CALGARY – A so-called sovereign citizen who is said to have claimed a Calgary rental property as his “embassy” has been removed from the home after a two-year battle with the senior who owned the place.

Calgary police swooped in in the wee-hours of Friday morning and arrested Andreas Pirelli, also known as Mario Antonacci, on several outstanding warrants issued by courts in Quebec.

Rebekah Caverhill said she rented the home to Pirelli in November 2011. She said he identified himself as a follower of the Freemen-on-the-Land movement, claimed the property as an embassy, changed the locks and placed a lien on the home.

Caverhill cried tears of joy when she heard of the arrest Friday.

“I’m so grateful,” she said in an interview with The Canadian Press from her home in Sylvan Lake, Alta.

“I don’t know what I’m walking into when I walk in there, but that’s nothing. Bricks and boards can be fixed, but there are some things that are far more precious than bricks and boards — that’s the idea of freedom and standing up for what you think is right.”

Pirelli had been facing an eviction notice, but the process hadn’t been expected to occur until Saturday morning. Police didn’t wait, making the arrest on the warrants a few hours after two officers visited the home Thursday evening.

It came off without a hitch, said Calgary police Insp. Darrell Hesse.

“It went relatively smoothly,” he said. “They were able to make contact with that individual and they took him into custody without incident.”

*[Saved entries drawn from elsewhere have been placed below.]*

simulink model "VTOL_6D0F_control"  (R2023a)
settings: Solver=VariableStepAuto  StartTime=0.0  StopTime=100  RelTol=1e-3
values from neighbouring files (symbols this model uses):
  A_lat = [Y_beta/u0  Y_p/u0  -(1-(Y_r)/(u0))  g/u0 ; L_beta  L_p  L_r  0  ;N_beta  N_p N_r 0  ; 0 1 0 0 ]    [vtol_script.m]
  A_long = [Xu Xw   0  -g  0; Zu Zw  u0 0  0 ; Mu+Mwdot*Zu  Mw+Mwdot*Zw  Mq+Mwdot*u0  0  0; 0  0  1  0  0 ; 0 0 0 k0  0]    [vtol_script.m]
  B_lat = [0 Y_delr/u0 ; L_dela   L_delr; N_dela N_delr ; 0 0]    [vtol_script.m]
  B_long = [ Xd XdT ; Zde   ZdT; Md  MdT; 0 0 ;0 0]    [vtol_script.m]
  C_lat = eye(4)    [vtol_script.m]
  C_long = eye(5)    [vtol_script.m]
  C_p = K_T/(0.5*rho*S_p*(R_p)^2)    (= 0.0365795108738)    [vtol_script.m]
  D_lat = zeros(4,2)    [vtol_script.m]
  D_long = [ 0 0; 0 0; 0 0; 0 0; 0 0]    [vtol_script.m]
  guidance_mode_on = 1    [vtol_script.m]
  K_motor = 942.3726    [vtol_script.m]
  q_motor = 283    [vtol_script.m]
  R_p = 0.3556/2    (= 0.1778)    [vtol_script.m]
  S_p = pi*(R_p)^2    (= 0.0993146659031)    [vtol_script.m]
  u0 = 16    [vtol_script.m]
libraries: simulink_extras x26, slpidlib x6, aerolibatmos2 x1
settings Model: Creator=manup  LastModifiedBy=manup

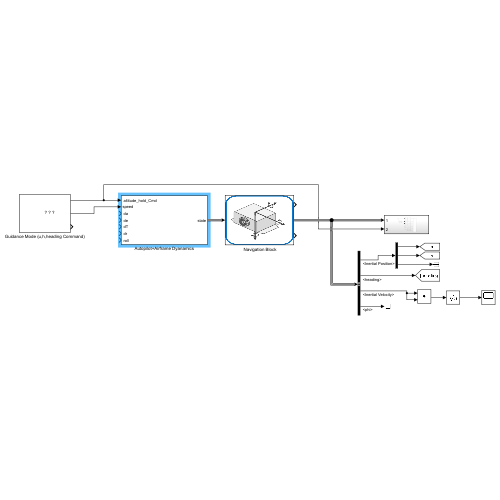
[thumbnail: Simulink's stored preview of the top-level diagram]
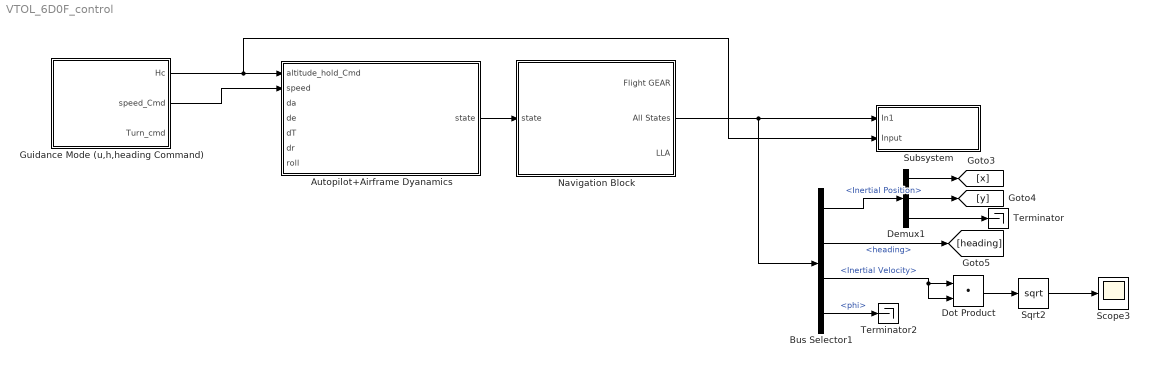
== system VTOL_6D0F_control ==
  " Navigation Block" : Subsystem
      mask Display: image('sensor.png'); % Use "Edit Image" on toolstrip to change.
  Autopilot+Airframe Dyanamics : Subsystem
  Bus Selector1 : BusSelector  OutputSignals=Inertial Position,heading,Inertial Velocity,states.phi
  Demux1 : Demux  Outputs=03
  Dot Product : DotProduct  OutDataTypeStr=Inherit: Inherit via internal rule
  Guidance Mode (u,h,heading Command) : Subsystem
      mask Display: image('guidance.jpg'); % Use "Edit Image" on toolstrip to change.
  Scope3 : Scope
  Sqrt2 : Sqrt
  Subsystem : Subsystem
  Terminator : Terminator
  Terminator2 : Terminator
  wires:
  " Navigation Block"/2(" All States") -> Bus Selector1/1, Subsystem/1(In1)
  Demux1/1 -> [x]
  Bus Selector1/4 -> Terminator2/1  "<phi>"
  Autopilot+Airframe Dyanamics/1(" state") -> " Navigation Block"/1(" state")
  Demux1/3 -> Terminator/1
  Demux1/2 -> [y]
  Bus Selector1/2 -> [heading]  "<heading>"
  Bus Selector1/3 -> Dot Product/2, Dot Product/1  "<Inertial Velocity>"
  Guidance Mode (u,h,heading Command)/1(Hc) -> Autopilot+Airframe Dyanamics/1(" altitude_hold_Cmd"), Subsystem/2(Input)
  Dot Product/1 -> Sqrt2/1
  Guidance Mode (u,h,heading Command)/2(speed_Cmd) -> Autopilot+Airframe Dyanamics/2(speed)
  Bus Selector1/1 -> Demux1/1  "<Inertial Position>"
  Sqrt2/1 -> Scope3/1

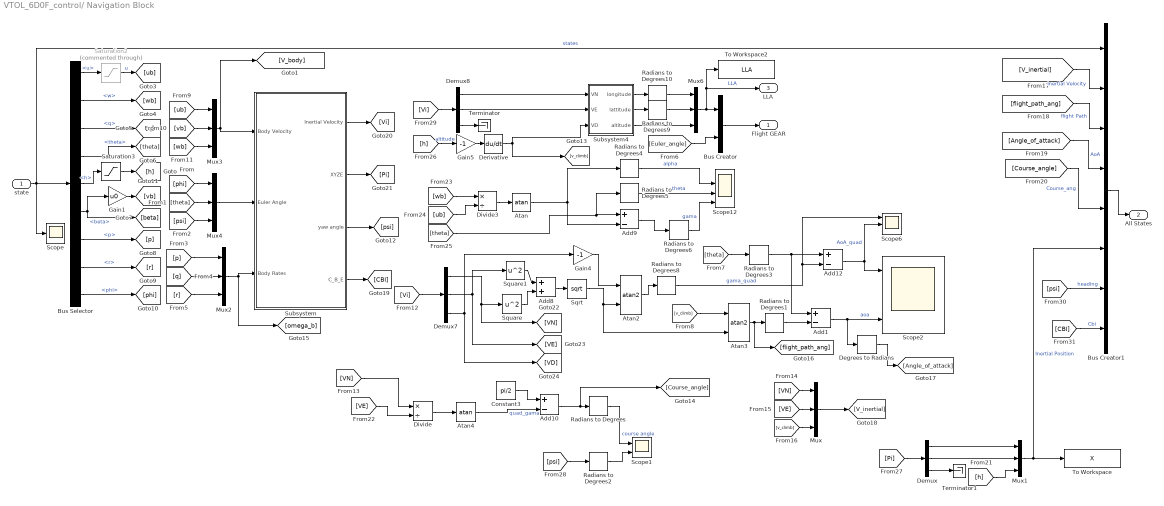
== system VTOL_6D0F_control/ Navigation Block ==
  " state" : Inport
  Add{1,9..10,12} (4 alike) : Sum  Inputs=+-
  Add8 : Sum
  Atan : Trigonometry  Operator=atan
  Atan2 : Trigonometry  Operator=atan2
  Atan3 : Trigonometry  Operator=atan2
  Atan4 : Trigonometry  Operator=atan
  Bus Creator : BusCreator  Inputs=2
  Bus Creator1 : BusCreator  Inputs=8
  Bus Selector : BusSelector  OutputSignals=u,w,q,theta,h,beta,p,r,phi
  Constant3 : Constant  Value=pi/2
  Degrees to Radians : simulink_extras/Transformations/Degrees to Radians
  Demux : Demux  Outputs=03
  Demux7 : Demux  Outputs=03
  Demux8 : Demux  Outputs=03
  Derivative : Derivative
  Divide : Product  Inputs=*/
  Divide3 : Product  Inputs=*/
  Gain1 : Gain  Gain=u0
  Gain4 : Gain  Gain=-1
  Gain5 : Gain  Gain=-1
  Mux{,1..4,6} (6 alike) : Mux  Inputs=03
  Radians to Degrees{,1..6,8..10} (10 alike) : simulink_extras/Transformations/Radians to Degrees
  Saturation2 : Saturate  Commented=through  UpperLimit=20  LowerLimit=0
  Saturation3 : Saturate  UpperLimit=0  LowerLimit=-6000
  Scope : Scope
  Scope1 : Scope  NumInputPorts=2
  Scope12 : Scope  NumInputPorts=4
  Scope2 : Scope  NumInputPorts=3
  Scope6 : Scope  NumInputPorts=3
  Sqrt : Sqrt
  Square : Math  Operator=square
  Square1 : Math  Operator=square
  Subsystem : Subsystem
  Subsystem4 : Subsystem
  Terminator : Terminator
  Terminator1 : Terminator
  To Workspace : ToWorkspace  VariableName=X  SampleTime=-1
  To Workspace2 : ToWorkspace  VariableName=LLA  SampleTime=-1
  " Flight GEAR" : Outport
  " All States" : Outport  Port=2
  LLA : Outport  Port=3
  wires:
  " state"/1 -> Bus Creator1/1, Bus Selector/1, Scope/1  "states"
  Saturation3/1 -> [h]
  Gain1/1 -> [vb]
  Saturation2/1 -> [ub]  "u"
  Bus Selector/1 -> Saturation2/1  "<u>"
  Bus Selector/3 -> [q]  "<q>"
  Bus Selector/6 -> Gain1/1, [beta]  "<beta>"
  Bus Selector/8 -> [r]  "<r>"
  Bus Selector/4 -> [theta]  "<theta>"
  Bus Selector/5 -> Saturation3/1  "<h>"
  Bus Selector/9 -> [phi]  "<phi>"
  Bus Selector/7 -> [p]  "<p>"
  Bus Selector/2 -> [wb]  "<w>"
  Radians to Degrees4/1 -> Scope12/2  "alpha"
  Demux7/1 -> [VN], Square/1
  Radians to Degrees6/1 -> Scope12/4  "gama"
  Demux7/3 -> [VD], Gain4/1
  [wb] -> Divide3/1
  Gain4/1 -> Atan2/1
  Add12/1 -> Scope2/1, Scope6/2  "AoA_quad"
  [theta] -> Add9/1, Radians to Degrees5/1
  [ub] -> Divide3/2
  [h] -> Gain5/1  "altitude"
  Atan4/1 -> Add10/2  "quad_gama"
  Add10/1 -> [Course_angle], Radians to Degrees/1
  Gain5/1 -> Derivative/1
  Atan2/1 -> Radians to Degrees8/1
  Add8/1 -> Sqrt/1
  [Vi] -> Demux7/1
  Radians to Degrees5/1 -> Scope12/3  "theta"
  Divide3/1 -> Atan/1
  Constant3/1 -> Add10/1
  Add9/1 -> Radians to Degrees6/1
  Atan/1 -> Radians to Degrees4/1, Add9/2
  Square/1 -> Add8/2
  Square1/1 -> Add8/1
  Radians to Degrees8/1 -> Scope6/1, Add12/2  "gama_quad"
  [VN] -> Divide/1
  Demux7/2 -> [VE], Square1/1
  [VE] -> Divide/2
  Subsystem/1(" Inertial Velocity ") -> [Vi]
  Subsystem/2(XYZE) -> [Pi]
  Radians to Degrees/1 -> Scope1/1  "course angle"
  [ub] -> Mux3/1
  [vb] -> Mux3/2
  [wb] -> Mux3/3
  Mux3/1 -> [V_body], Subsystem/1(" Body Velocity")
  Mux6/1 -> LLA/1, To Workspace2/1, Bus Creator/1  "LLA"
  Radians to Degrees10/1 -> Mux6/1
  [Vi] -> Demux8/1
  Radians to Degrees9/1 -> Mux6/2
  Demux8/1 -> Subsystem4/1(" VN")
  Subsystem4/2(" lattitude") -> Radians to Degrees9/1
  Subsystem4/3(" altitude") -> Mux6/3
  Subsystem4/1(longitude) -> Radians to Degrees10/1
  Demux8/2 -> Subsystem4/2(" VE")
  Bus Creator/1 -> " Flight GEAR"/1
  Sqrt/1 -> Atan2/2, Atan3/2
  Derivative/1 -> Subsystem4/3(VD), [v_climb]
  Atan3/1 -> [flight_path_ang], Radians to Degrees1/1
  Radians to Degrees1/1 -> Add1/2
  Add1/1 -> Scope2/3, Degrees to Radians/1  "aoa"
  Mux4/1 -> Subsystem/2(" Euler Angle ")
  [phi] -> Mux4/1
  [theta] -> Mux4/2
  [psi] -> Mux4/3
  [p] -> Mux2/1
  [q] -> Mux2/2
  [r] -> Mux2/3
  Mux2/1 -> [omega_b], Subsystem/3(Body Rates)
  Demux8/3 -> Terminator/1
  Subsystem/3(yaw angle) -> [psi]
  [Euler_angle] -> Bus Creator/2
  [theta] -> Radians to Degrees3/1
  [v_climb] -> Atan3/1
  [VN] -> Mux/1
  [VE] -> Mux/2
  [v_climb] -> Mux/3
  Mux/1 -> [V_inertial]
  Bus Creator1/1 -> " All States"/1
  [V_inertial] -> Bus Creator1/2  "Inertial Velocity"
  [flight_path_ang] -> Bus Creator1/3  "flight Path"
  [Angle_of_attack] -> Bus Creator1/4  "AoA"
  [Course_angle] -> Bus Creator1/5  "Course_ang"
  Mux1/1 -> To Workspace/1, Bus Creator1/6  "Inertial Position"
  [h] -> Mux1/3
  [Pi] -> Demux/1
  Demux/1 -> Mux1/1
  Demux/2 -> Mux1/2
  Demux/3 -> Terminator1/1
  [psi] -> Radians to Degrees2/1
  Divide/1 -> Atan4/1
  Radians to Degrees2/1 -> Scope1/2
  [psi] -> Bus Creator1/7  "heading"
  Radians to Degrees3/1 -> Add1/1, Add12/1
  Degrees to Radians/1 -> [Angle_of_attack]
  Subsystem/4(C_B_E) -> [CBI]
  [CBI] -> Bus Creator1/8  "Cbi"

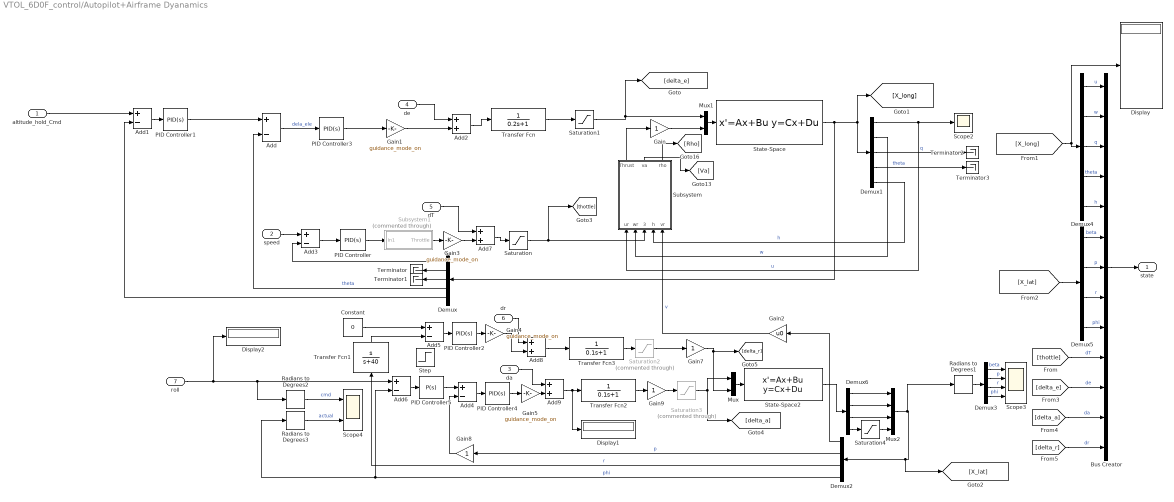
== system VTOL_6D0F_control/Autopilot+Airframe Dyanamics ==
  " altitude_hold_Cmd" : Inport
  speed : Inport  Port=2
  " da" : Inport  Port=3
  " de" : Inport  Port=4
  " dT" : Inport  Port=5
  " dr" : Inport  Port=6
  " roll" : Inport  Port=7
  Add{,1,3..6} (6 alike) : Sum  Inputs=+-
  Add{2,7..9} (4 alike) : Sum
  Bus Creator : BusCreator  Inputs=13
  Constant : Constant  Value=0
  Demux : Demux  Outputs=05
  Demux1 : Demux  Outputs=05
  Demux{2..3,5..6} (4 alike) : Demux  Outputs=04
  Demux4 : Demux  Outputs=05
  Display : Display
  Display1 : Display
  Display2 : Display
  Gain : Gain
  Gain{1,3..5} (4 alike) : Gain  Gain=guidance_mode_on
  Gain2 : Gain  Gain=u0
  Gain7 : Gain
  Gain8 : Gain  Gain=1
  Gain9 : Gain
  Mux : Mux  Inputs=2
  Mux1 : Mux  Inputs=2
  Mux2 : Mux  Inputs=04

Hesse said Pirelli, 48, will remain in custody until he is transported back to Quebec.

He was accused of pushing a landlady down a flight of stairs in Montreal in 2007. Jocelyne Malouf alleges that he broke her pelvis, arm, wrist and ankle. Malouf said she was then picked up and thrown onto the street. An arrest warrant was issued in May 2010 when he failed to show up during his assault trial.

Malouf said she had allowed the man to house-sit rent-free for five months while its occupant was out of the country. She told The Canadian Press she had problems when she asked him to leave. She said he claimed the property as an embassy and told her he would keep it without paying.

Malouf wasn’t aware an arrest had been made in Alberta.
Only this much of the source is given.